• THE PROBLEM:
How do the records below read from their first line through the line containing "for name, color, linetype"? Write those lines out exactly.

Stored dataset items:
————————
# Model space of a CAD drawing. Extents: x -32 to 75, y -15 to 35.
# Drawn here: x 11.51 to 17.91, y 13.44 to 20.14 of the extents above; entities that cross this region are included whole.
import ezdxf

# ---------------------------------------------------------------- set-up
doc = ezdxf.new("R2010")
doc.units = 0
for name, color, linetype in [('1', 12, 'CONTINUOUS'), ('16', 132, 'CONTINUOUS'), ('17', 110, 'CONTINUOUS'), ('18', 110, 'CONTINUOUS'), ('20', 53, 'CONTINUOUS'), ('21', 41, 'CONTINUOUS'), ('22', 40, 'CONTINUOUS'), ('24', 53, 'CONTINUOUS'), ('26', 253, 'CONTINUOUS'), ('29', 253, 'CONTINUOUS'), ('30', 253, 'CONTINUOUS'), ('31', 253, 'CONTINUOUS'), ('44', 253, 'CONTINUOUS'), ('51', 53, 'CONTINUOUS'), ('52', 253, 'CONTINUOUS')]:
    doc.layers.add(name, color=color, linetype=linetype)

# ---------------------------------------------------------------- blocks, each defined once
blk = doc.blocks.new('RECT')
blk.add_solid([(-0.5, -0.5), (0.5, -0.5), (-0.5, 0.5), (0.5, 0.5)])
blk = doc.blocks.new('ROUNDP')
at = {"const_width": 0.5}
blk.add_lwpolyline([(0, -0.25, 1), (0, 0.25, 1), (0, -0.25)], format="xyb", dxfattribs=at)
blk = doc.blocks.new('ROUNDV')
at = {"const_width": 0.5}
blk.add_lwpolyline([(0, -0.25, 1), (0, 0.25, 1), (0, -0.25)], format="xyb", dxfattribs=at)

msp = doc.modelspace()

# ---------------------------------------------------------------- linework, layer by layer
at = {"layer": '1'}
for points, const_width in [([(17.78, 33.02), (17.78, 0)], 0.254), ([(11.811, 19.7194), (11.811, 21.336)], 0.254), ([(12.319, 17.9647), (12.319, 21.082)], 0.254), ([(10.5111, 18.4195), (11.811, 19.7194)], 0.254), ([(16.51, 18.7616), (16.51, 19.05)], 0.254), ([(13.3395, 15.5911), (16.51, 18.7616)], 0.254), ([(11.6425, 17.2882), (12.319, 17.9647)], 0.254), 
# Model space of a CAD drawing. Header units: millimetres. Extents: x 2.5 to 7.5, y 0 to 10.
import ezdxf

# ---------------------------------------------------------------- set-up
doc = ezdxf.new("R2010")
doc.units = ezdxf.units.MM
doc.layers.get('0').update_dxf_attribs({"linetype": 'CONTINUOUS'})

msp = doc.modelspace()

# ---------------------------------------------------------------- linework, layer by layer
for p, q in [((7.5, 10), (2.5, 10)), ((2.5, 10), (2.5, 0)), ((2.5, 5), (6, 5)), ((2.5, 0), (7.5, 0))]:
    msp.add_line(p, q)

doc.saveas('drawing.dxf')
————————
• YOUR RESPONSE:
# Model space of a CAD drawing. Extents: x -32 to 75, y -15 to 35.
# Drawn here: x 11.51 to 17.91, y 13.44 to 20.14 of the extents above; entities that cross this region are included whole.
import ezdxf

# ---------------------------------------------------------------- set-up
doc = ezdxf.new("R2010")
doc.units = 0
for name, color, linetype in [('1', 12, 'CONTINUOUS'), ('16', 132, 'CONTINUOUS'), ('17', 110, 'CONTINUOUS'), ('18', 110, 'CONTINUOUS'), ('20', 53, 'CONTINUOUS'), ('21', 41, 'CONTINUOUS'), ('22', 40, 'CONTINUOUS'), ('24', 53, 'CONTINUOUS'), ('26', 253, 'CONTINUOUS'), ('29', 253, 'CONTINUOUS'), ('30', 253, 'CONTINUOUS'), ('31', 253, 'CONTINUOUS'), ('44', 253, 'CONTINUOUS'), ('51', 53, 'CONTINUOUS'), ('52', 253, 'CONTINUOUS')]:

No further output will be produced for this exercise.